>>>>>

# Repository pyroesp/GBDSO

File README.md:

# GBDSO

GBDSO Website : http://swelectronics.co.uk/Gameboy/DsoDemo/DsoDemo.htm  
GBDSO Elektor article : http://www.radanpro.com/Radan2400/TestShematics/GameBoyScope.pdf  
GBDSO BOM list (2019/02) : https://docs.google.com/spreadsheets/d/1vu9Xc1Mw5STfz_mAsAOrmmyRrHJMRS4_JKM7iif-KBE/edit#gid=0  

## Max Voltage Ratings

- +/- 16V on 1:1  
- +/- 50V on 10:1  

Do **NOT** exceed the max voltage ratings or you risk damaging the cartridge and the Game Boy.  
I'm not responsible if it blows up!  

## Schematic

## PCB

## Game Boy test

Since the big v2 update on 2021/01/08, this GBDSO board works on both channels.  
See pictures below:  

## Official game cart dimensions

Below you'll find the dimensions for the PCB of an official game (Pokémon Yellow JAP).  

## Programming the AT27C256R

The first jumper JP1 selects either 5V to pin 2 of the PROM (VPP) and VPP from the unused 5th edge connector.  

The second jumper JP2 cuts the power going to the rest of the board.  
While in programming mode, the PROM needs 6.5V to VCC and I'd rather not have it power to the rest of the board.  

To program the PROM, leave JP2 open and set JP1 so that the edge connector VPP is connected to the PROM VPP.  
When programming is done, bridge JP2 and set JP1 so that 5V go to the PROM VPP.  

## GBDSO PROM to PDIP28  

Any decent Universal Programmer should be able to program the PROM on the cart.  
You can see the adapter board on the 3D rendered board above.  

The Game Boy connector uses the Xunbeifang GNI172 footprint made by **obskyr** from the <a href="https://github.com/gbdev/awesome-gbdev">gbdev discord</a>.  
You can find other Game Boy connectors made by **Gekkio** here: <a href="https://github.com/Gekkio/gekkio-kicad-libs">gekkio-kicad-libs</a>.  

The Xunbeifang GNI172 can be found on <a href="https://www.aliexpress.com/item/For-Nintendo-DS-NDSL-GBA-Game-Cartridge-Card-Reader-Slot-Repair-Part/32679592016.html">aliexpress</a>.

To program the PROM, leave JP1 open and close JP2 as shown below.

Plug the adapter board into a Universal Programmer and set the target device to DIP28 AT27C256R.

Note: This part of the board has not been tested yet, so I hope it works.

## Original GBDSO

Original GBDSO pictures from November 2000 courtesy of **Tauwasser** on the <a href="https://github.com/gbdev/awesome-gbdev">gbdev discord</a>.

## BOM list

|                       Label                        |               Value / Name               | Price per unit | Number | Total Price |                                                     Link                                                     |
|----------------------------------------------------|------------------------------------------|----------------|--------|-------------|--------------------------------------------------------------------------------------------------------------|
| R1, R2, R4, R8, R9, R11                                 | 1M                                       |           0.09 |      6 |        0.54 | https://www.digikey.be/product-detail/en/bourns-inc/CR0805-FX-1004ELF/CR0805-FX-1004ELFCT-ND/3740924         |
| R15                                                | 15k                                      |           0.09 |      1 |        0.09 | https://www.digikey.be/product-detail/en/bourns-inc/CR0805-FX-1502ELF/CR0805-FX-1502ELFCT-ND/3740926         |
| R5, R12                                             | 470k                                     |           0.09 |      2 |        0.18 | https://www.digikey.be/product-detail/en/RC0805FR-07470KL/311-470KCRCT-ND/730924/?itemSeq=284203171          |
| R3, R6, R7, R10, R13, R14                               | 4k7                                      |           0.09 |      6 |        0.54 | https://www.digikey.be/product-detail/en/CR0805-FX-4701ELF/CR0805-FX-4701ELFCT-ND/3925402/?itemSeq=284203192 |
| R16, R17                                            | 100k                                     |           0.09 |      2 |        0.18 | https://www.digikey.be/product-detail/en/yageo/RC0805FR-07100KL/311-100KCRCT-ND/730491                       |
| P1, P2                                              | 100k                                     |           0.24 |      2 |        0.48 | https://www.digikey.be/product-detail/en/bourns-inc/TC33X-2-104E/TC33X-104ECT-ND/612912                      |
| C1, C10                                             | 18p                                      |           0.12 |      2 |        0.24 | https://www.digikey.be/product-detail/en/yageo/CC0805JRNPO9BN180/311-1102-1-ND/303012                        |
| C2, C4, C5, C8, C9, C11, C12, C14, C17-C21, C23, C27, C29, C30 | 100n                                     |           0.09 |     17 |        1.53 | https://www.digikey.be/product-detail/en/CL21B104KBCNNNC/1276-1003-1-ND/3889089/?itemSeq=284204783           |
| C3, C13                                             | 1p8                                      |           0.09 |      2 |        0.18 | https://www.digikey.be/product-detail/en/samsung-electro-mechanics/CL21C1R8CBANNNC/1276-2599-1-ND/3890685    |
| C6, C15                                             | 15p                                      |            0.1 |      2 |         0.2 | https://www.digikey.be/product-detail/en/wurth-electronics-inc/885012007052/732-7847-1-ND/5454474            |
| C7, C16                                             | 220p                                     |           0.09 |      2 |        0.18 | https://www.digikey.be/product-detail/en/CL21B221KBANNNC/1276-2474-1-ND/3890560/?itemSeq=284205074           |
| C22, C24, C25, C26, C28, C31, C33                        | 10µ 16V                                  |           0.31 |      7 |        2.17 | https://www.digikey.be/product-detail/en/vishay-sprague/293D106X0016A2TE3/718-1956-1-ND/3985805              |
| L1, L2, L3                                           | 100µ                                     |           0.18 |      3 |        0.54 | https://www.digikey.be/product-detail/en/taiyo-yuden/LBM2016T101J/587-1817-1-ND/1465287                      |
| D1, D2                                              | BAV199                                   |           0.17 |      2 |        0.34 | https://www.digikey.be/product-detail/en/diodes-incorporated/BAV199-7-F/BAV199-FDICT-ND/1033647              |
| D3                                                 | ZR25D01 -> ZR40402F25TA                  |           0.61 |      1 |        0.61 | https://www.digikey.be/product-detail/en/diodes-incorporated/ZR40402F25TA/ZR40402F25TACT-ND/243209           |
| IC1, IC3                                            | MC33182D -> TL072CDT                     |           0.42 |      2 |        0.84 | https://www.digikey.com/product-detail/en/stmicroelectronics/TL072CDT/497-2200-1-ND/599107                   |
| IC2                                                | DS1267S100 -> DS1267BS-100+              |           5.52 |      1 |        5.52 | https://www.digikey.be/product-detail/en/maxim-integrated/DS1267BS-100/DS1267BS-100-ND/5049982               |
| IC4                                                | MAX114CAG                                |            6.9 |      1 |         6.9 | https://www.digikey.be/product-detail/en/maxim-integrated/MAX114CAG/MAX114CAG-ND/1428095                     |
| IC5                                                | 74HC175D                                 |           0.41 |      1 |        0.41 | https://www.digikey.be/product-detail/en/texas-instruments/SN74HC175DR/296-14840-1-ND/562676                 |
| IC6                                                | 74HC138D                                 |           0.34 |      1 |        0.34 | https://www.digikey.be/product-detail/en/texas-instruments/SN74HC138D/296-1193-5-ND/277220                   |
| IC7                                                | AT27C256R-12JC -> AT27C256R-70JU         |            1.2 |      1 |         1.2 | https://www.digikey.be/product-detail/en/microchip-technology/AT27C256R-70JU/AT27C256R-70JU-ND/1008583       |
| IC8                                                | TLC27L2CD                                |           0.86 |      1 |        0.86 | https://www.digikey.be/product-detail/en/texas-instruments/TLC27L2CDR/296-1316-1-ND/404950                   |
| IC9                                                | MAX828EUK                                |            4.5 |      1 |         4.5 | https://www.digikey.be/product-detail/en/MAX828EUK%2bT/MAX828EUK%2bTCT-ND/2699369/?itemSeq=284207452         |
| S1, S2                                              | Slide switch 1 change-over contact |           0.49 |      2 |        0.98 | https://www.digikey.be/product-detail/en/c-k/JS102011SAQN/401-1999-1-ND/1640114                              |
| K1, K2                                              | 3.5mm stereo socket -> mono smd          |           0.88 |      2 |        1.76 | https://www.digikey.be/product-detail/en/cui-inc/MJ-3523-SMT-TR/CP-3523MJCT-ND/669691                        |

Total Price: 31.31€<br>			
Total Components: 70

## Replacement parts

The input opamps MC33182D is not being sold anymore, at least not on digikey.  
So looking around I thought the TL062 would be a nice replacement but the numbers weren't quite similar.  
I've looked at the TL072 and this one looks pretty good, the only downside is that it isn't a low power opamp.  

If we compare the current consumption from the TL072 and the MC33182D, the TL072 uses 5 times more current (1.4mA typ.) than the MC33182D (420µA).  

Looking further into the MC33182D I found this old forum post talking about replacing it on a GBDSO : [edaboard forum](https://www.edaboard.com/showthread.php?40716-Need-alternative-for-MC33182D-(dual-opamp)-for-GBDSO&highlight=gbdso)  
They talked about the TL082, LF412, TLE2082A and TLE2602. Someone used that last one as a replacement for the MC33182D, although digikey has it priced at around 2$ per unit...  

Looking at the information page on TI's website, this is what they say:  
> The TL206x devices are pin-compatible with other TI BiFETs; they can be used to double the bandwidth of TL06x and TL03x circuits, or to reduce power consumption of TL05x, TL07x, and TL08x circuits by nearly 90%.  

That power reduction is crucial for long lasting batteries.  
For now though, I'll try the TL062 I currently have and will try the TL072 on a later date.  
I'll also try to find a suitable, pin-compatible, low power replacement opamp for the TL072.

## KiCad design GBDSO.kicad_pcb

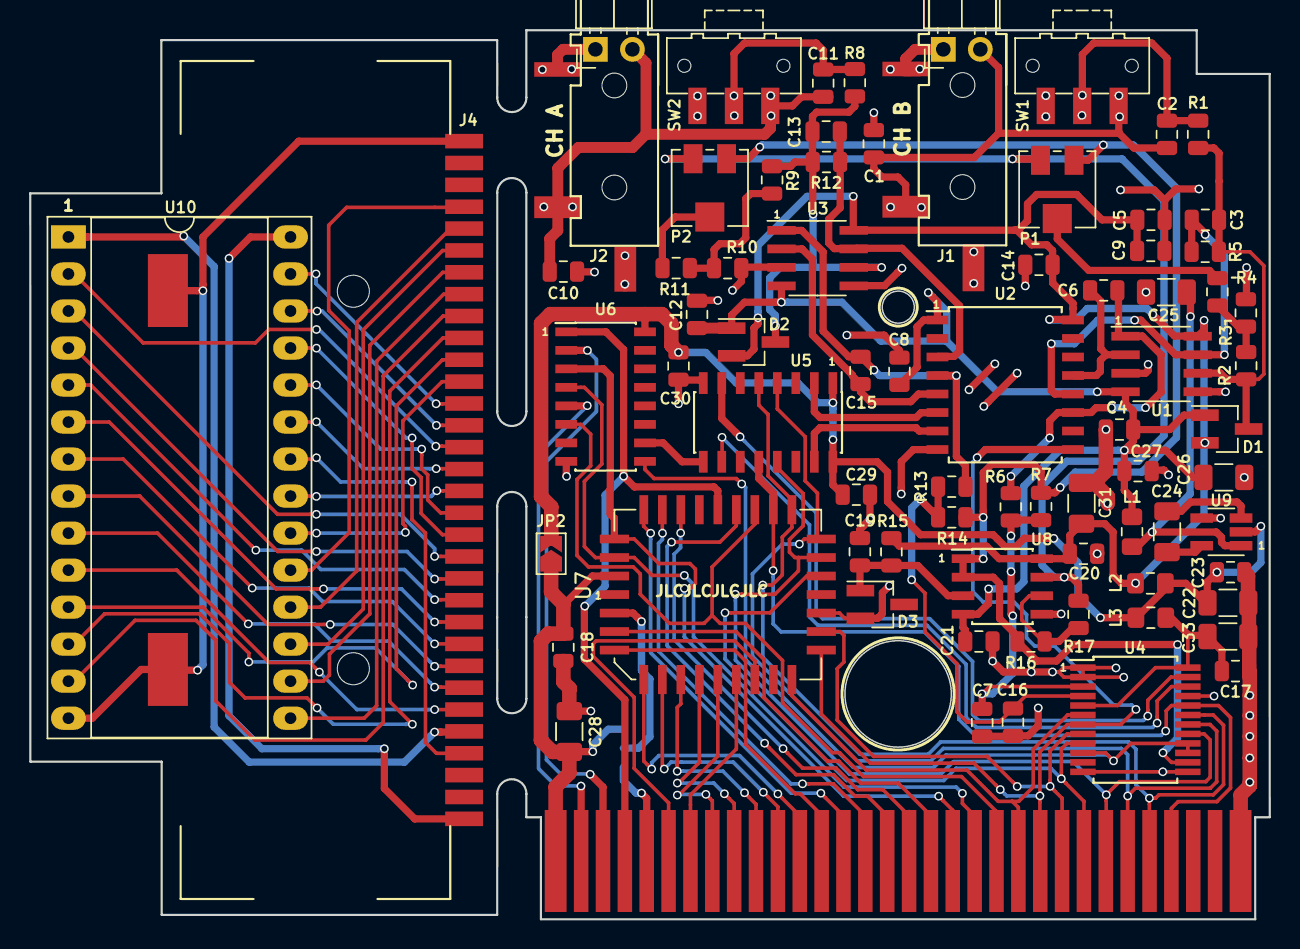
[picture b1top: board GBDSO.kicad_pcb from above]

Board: 2 copper layers, 85.0 x 61.0 mm, 77 parts (1 on the bottom side), 92 nets.

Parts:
C1, C10: 18p; C_0805_2012Metric
C2, C4, C5, C8, C9, C11, C12, C14, C17, C18, C19, C20, C21, C23, C27, C29, C30: 100n; C_0805_2012Metric
C3, C13: 1p8; C_0805_2012Metric
C6, C15: 15p; C_0805_2012Metric
C7, C16: 220p; C_0805_2012Metric
C22, C24, C25, C26, C28, C31, C33: 10µ; C_1206_3216Metric
D1, D2: BAV199; SOT-23_Handsoldering
D3: ZR4040-2.5; SOT-23_Handsoldering
J1, J2: MJ-3523-SMT-TR
J3: EdgeConnector; GB_EdgeConnector
J4: GameBoy Cartridge Connector; Game_Boy_Cartridge_Slot_Xunbeifang_GNI172
J5, J6: Conn_01x02; PinHeader_1x02_P2.54mm_Horizontal
JP1: SolderJumper_3_Open; SolderJumper-3_P1.3mm_Open_RoundedPad1.0x1.5mm_NumberLabels
JP2: SolderJumper_2_Open; SolderJumper-2_P1.3mm_Open_TrianglePad1.0x1.5mm
L1, L2, L3: 100µ; L_0805_2012Metric_Pad1.15x1.40mm_HandSolder
P1, P2: 100k; Potentiometer_Vishay_TS53YJ_Vertical
R1, R2, R4, R8, R9, R11: 1M; R_0805_2012Metric
R3, R6, R7, R10, R13, R14: 4k7; R_0805_2012Metric
R5, R12: 470k; R_0805_2012Metric
R15: 15k; R_0805_2012Metric
R16, R17: 100k; R_0805_2012Metric
SW1, SW2: SW_SPDT; SW_SPDT_CK-JS102011SAQN
U1, U3: TL072; SOIC-8_3.9x4.9mm_P1.27mm
U2: DS1267_SOIC; SOIC-16W_7.5x10.3mm_P1.27mm
U4: MAX114CAG; SSOP-24_5.3x8.2mm_P0.65mm
U5: 74HC175D; SOIC-16_3.9x9.9mm_P1.27mm
U6: 74HC138D; SOIC-16_3.9x9.9mm_P1.27mm
U7: AT27C256R; PLCC-32_HandSolder
U8: TLC272; SOIC-8_3.9x4.9mm_P1.27mm
U9: MAX828; SOT-23-5_HandSoldering
U10: AT27C256R-PDIP28; DIP-28_W15.24mm_Socket_LongPads

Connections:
+2.5V: P1.3, P2.3, R7.2, R14.2, R16.2, U4.14, U8.1, U8.2
+5V: C18.1, C22.1, C23.1, C28.1, C29.1, C30.1, J3.1, JP1.3, JP2.1, JP2.2, L2.1, L3.1, U5.1, U5.16, U6.16, U7.32, U9.2
+5VA: C5.1, C9.1, C14.1, C20.1, C31.1, D1.2, D2.2, L2.2, R15.2, U1.8, U2.16, U3.8, U8.8
+5VC: C17.1, C33.1, L3.2, U4.5, U4.24
-2.5V: P1.1, P2.1, R17.1, U8.7
-5V: C4.2, C8.1, C12.2, C21.1, C26.1, C27.1, D1.1, D2.1, L1.2, U1.4, U2.1, U3.4, U8.4
/GBDSO Cartridge/A0: J3.6, U7.11
/GBDSO Cartridge/A1: J3.7, U7.10
/GBDSO Cartridge/A2: J3.8, U7.9
/GBDSO Cartridge/A3: J3.9, U7.8
/GBDSO Cartridge/A4: J3.10, U7.7
/GBDSO Cartridge/A5: J3.11, U7.6
/GBDSO Cartridge/A6: J3.12, U7.5
/GBDSO Cartridge/A7: J3.13, U7.4
/GBDSO Cartridge/A8: J3.14, U7.29
/GBDSO Cartridge/A9: J3.15, U7.28
/GBDSO Cartridge/A10: J3.16, U7.24
/GBDSO Cartridge/A11: J3.17, U7.27
/GBDSO Cartridge/A12: J3.18, U7.3
/GBDSO Cartridge/A13: J3.19, U6.3, U7.30
/GBDSO Cartridge/A14: J3.20, U6.4, U7.31
/GBDSO Cartridge/A15: J3.21, U6.6, U7.23
/GBDSO Cartridge/D0: J3.22, U4.6, U7.13
/GBDSO Cartridge/D1: J3.23, U2.9, U4.7, U7.14
/GBDSO Cartridge/D2: J3.24, U4.8, U7.15
/GBDSO Cartridge/D3: J3.25, U4.9, U7.18
/GBDSO Cartridge/D4: J3.26, U4.17, U5.13, U7.19
/GBDSO Cartridge/D5: J3.27, U4.18, U5.4, U7.20
/GBDSO Cartridge/D6: J3.28, U4.19, U5.5, U7.21
/GBDSO Cartridge/D7: J3.29, U4.20, U5.12, U7.22
/GBDSO Cartridge/ECLK: J3.2, U6.5
/GBDSO Cartridge/VPP: J3.5, JP1.1
/GBDSO Cartridge/~RD: J3.4, U6.1, U7.25
/GBDSO Cartridge/~WR: J3.3, U6.2
/GBDSO EPROM Adapter Board/A0: J4.6, U10.10
/GBDSO EPROM Adapter Board/A1: J4.7, U10.9
/GBDSO EPROM Adapter Board/A2: J4.8, U10.8
/GBDSO EPROM Adapter Board/A3: J4.9, U10.7
/GBDSO EPROM Adapter Board/A4: J4.10, U10.6
/GBDSO EPROM Adapter Board/A5: J4.11, U10.5
/GBDSO EPROM Adapter Board/A6: J4.12, U10.4
/GBDSO EPROM Adapter Board/A7: J4.13, U10.3
/GBDSO EPROM Adapter Board/A8: J4.14, U10.25
/GBDSO EPROM Adapter Board/A9: J4.15, U10.24
/GBDSO EPROM Adapter Board/A10: J4.16, U10.21
/GBDSO EPROM Adapter Board/A11: J4.17, U10.23
/GBDSO EPROM Adapter Board/A12: J4.18, U10.2
/GBDSO EPROM Adapter Board/A13: J4.19, U10.26
/GBDSO EPROM Adapter Board/A14: J4.20, U10.27
/GBDSO EPROM Adapter Board/A15: J4.21, U10.20
/GBDSO EPROM Adapter Board/D0: J4.22, U10.11
/GBDSO EPROM Adapter Board/D1: J4.23, U10.12
/GBDSO EPROM Adapter Board/D2: J4.24, U10.13
/GBDSO EPROM Adapter Board/D3: J4.25, U10.15
/GBDSO EPROM Adapter Board/D4: J4.26, U10.16
/GBDSO EPROM Adapter Board/D5: J4.27, U10.17
/GBDSO EPROM Adapter Board/D6: J4.28, U10.18
/GBDSO EPROM Adapter Board/D7: J4.29, U10.19
/GBDSO EPROM Adapter Board/VCC: J4.1, U10.28
/GBDSO EPROM Adapter Board/VPP: J4.5, U10.1
/GBDSO EPROM Adapter Board/~RD: J4.4, U10.22
GND: C1.2, C4.1, C5.2, C7.2, C8.2, C9.2, C10.2, C12.1, C14.2, C16.2, C17.2, C18.2, C19.2, C20.2, C21.2, C22.2, C23.2, C25.2, C26.2, C27.2, C28.2, C29.2, C30.2, C31.2, C33.2, D3.2, J1.1, J2.1, J3.32, J4.32, J5.1, J6.1, R3.1, R10.1, U1.3, U1.5, U2.8, U3.3, U3.5, U4.1, U4.2, U4.12, U4.13, U4.21, U5.8, U6.8, U7.16, U8.5, U9.4, U10.14
unnamed: C1.1, C2.1, J1.2, J5.2, SW1.1
unnamed: C2.2, R1.2, SW1.2
unnamed: C3.1, D1.3, R1.1, R2.2, R5.2, U1.6
unnamed: C3.2, R5.1, U1.7, U2.12
unnamed: C6.1, U1.2, U2.13
unnamed: C6.2, R6.2, U1.1, U2.11
unnamed: C7.1, R6.1, R7.1, U4.3
unnamed: C10.1, C11.2, J2.2, J6.2, SW2.1
unnamed: C11.1, R8.2, SW2.2
unnamed: C13.1, D2.3, R8.1, R9.2, R12.2, U3.6
unnamed: C13.2, R12.1, U2.3, U3.7
unnamed: C15.1, R13.2, U2.4, U3.1
unnamed: C15.2, U2.5, U3.2
unnamed: C16.1, R13.1, R14.1, U4.4
unnamed: C19.1, D3.1, R15.1, U8.3
unnamed: C24.1, U9.5
unnamed: C24.2, U9.3
unnamed: C25.1, L1.1, U9.1
unnamed: JP1.2, U7.2
unnamed: P1.2, R4.1
unnamed: P2.2, R11.1
unnamed: R2.1, R3.2, R4.2
unnamed: R9.1, R10.2, R11.2
unnamed: R16.1, R17.2, U8.6
unnamed: U2.6, U5.2
unnamed: U2.7, U5.15
unnamed: U4.10, U4.15, U4.16, U6.9
unnamed: U4.22, U5.10
unnamed: U4.23, U5.7
unnamed: U5.9, U6.10

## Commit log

2019-02-11 added ignore list
2019-02-11 add component libraries
2019-02-11 added sym-lib-table file
2019-02-11 added project, schematic, netlist and PCB files
2019-02-11 made the BAV199 diodes smaller
2019-02-11 minor update to voltage reference component
2019-02-11 cache file
2019-02-11 update symbole table and add footprint table
2019-02-11 updated schematic
2019-02-11 add new component : SMD mono 3.5mm jack
2019-02-11 update git ignore
2019-02-11 dcm file holds descriptions, aliases, keywords for lib symbols
2019-02-11 updated pcb with new and all footprints
2019-02-11 generated new netlist
2019-02-12 finished schematic, need to double check to be sure
2019-02-12 generated netlist
2019-02-12 updated pcb
2019-02-13 updated schematic, corrected some errors
2019-02-13 new generated netlist
2019-02-15 updated PCB, changed track width, started with routing power and GND. Also, bottom layer is a GND plane
2019-02-16 update footprint table
2019-02-16 update cache lib
2019-02-16 update footprint audio jack
2019-02-16 updated schematic, new generated netlist, finished pcb
2019-02-16 created new footprint for GB edge connector
2019-02-16 add images of PCB and schematic
2019-02-16 final update of pcb, updated images
2019-02-16 generated gerber files for production
2019-02-16 updated ignore list
2019-02-21 cropped the image
2019-02-21 added orignal PCB pictures, courtesy of Tauwasser from gbdev discord, see readme
2019-02-21 renamed file GB-DSO_B to GBDSO_B
2019-02-21 fixing breaks/new lines
2019-02-21 fixed typo in bom list
2019-03-04 added cache dcm file
2019-03-04 general update and lib fix + new generated gerber
2019-03-05 added jumpers to the schematic and pcb so that the EPROM can be programmed on the cartridge
2019-03-05 updated schematic with jumpers
2019-03-05 updated file with new jumpers (forgot to include in previous commit)
2019-03-05 updated readme with information about programming the EPROM on the board + added a few images showing the jumpers and EPROM.
2019-03-05 updated pcb images with new jumpers
2019-03-05 updated gerber and drill files
2019-03-05 trying to fix table
2019-03-06 forgot to add pin 12 and 26 (NC) to the component, now fixed
2019-03-06 added wide PDIP28 version of the eprom to the library
2019-03-06 new gerber and drill files
2019-03-06 updated readme and added/updated pictures
2019-03-06 updated readme + added schematic-2.png
2019-03-06 updated schematic (now 2 pages) and PCB + adding Gekkio DS Lite footprint
2019-03-06 changed GameBoy cart on the adapter board from Gekkio's footprint to Xunbeifang GNI172 footprint made by obskyr
2019-03-06 updated gerber with new Xunbeifang GB connector
2019-03-06 updated schematic, pcb, pictures and readme because I changed the GB connector to the Xunbeifang one
2019-03-06 added link to buy xunbeifang connector in readme
2019-03-06 removed gekkio GB connector, now using Xunbeifang GNI172 connector
2019-03-06 bom list has been moved to the bottom of the readme
2019-03-07 fixed edge cuts
2019-03-07 generated new gerber files after fixing edge cuts
2019-03-07 updated readme and added v0 PCB picture
2019-03-07 changed picture from jpg to png
2019-03-07 cleanup, moving stuff in folder, updating readme and schematic files
2019-03-07 added plcc32 package, update board with new 3D package
2019-03-08 updated readme with official pcb dimensions
2019-03-08 fixed link to first pcb picture
2019-03-08 added freecad file and SVG file for the cartridge dimensions
2019-03-08 added dimensions svg to readme
2019-03-08 removed log stuff from README and put it in LOG.md file
2019-03-08 fixed heading for Log
2019-03-08 added pcb thickness to tech drawing, updated readme
2019-03-09 modify PCB to match the cart dimensions, update all gerber files, update PCB pictures
2019-03-09 updated LOG file with freecad issue loading the tracks
2019-03-10 renamed file due to typo, moved files to dedicated folder
2019-03-10 added render of the usage of the adapter board + updated readme with pictures
2019-03-10 updated readme with max voltage ratings
2019-03-10 modified the pads from custom to rectangular, because loading the pcb into freecad triggered an exception
2019-03-10 minor updates
2019-03-10 updated todo list
2019-03-10 fixed link to image
2019-03-10 new generated gerber files
2019-03-24 added gbdso website to readme
2019-03-24 fix formatting
2019-04-18 increased the size of the pads to make it easier to solder
2019-04-18 Bunch of changes: fixed pin swap on DS1267_SOIC, fixed footprint of all uncorrect ICs, fixed footprint off the three inductors as they were too big. Because of the size change of the footprint of the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
2019-04-19 Fixed wrong measurement in tech drawing
2019-04-19 Moved small hole to correct position, also had to move C8 and the -5V trace because of the hole.
2019-04-20 updated gerber files with latest fixes/improvements to the PCB
2019-04-20 added some comments to the log file
2019-04-24 pcb v1 pictures
2020-04-02 changed TL062 to TL072, see #14. updated schematic image, see #9.
2020-04-02 Changed TL062 to TL072, #14. Added silkscreen for channels, #8. Updated PCB images, #11
2020-04-02 file updated after save
2020-04-03 moved C4, C5, C12, C14 to the power pins of the TL072
2020-04-04 fix #16
2020-04-04 fix #17
2020-04-04 issue #16, #17 and #18 are fixed in the schematic but not yet in the PCB
    reopened issue #16 and #17 as they were not yet fixed in the PCB
2020-04-04 fix #16, fix #17, fix #18 in schematic and PCB
    fixed issues #16, #17, #18 in schematic and PCB, with improvement here and there.
2020-04-05 added chapter replacement parts to the readme
2020-04-05 made a hand soldered version of the PLCC32 footprint
2020-04-05 Used the new PLCC32 handsolder footprint and moved a few traces around
2020-12-25 updated gerber
2020-12-25 fixed voltage divider at input buffer
    R3-R4, R10-R11 were swapped
2020-12-25 added some art and fixed the resistors R3-R4/R10-R11
2020-12-25 updated gerber files
2020-12-25 small update
2020-12-25 increased tab with to 4mm as recommended by jlcpcb eng + updated gerber
2020-12-25 minor update
2021-01-08 big v2 update, hopefully everything is ok now
2021-01-08 added GB pics of the GBDSO working
2021-01-24 added assembled image
2021-01-28 ROM file for the AT27C256
    with permission from Elektor/original author
2021-01-30 rom publishing permission emails

<<<<<

Look through the material above for the word "find" and copy every line that has it.

Below you'll find the dimensions for the PCB of an official game (Pokémon Yellow JAP).  
You can find other Game Boy connectors made by **Gekkio** here: <a href="https://github.com/Gekkio/gekkio-kicad-libs">gekkio-kicad-libs</a>.  
I'll also try to find a suitable, pin-compatible, low power replacement opamp for the TL072.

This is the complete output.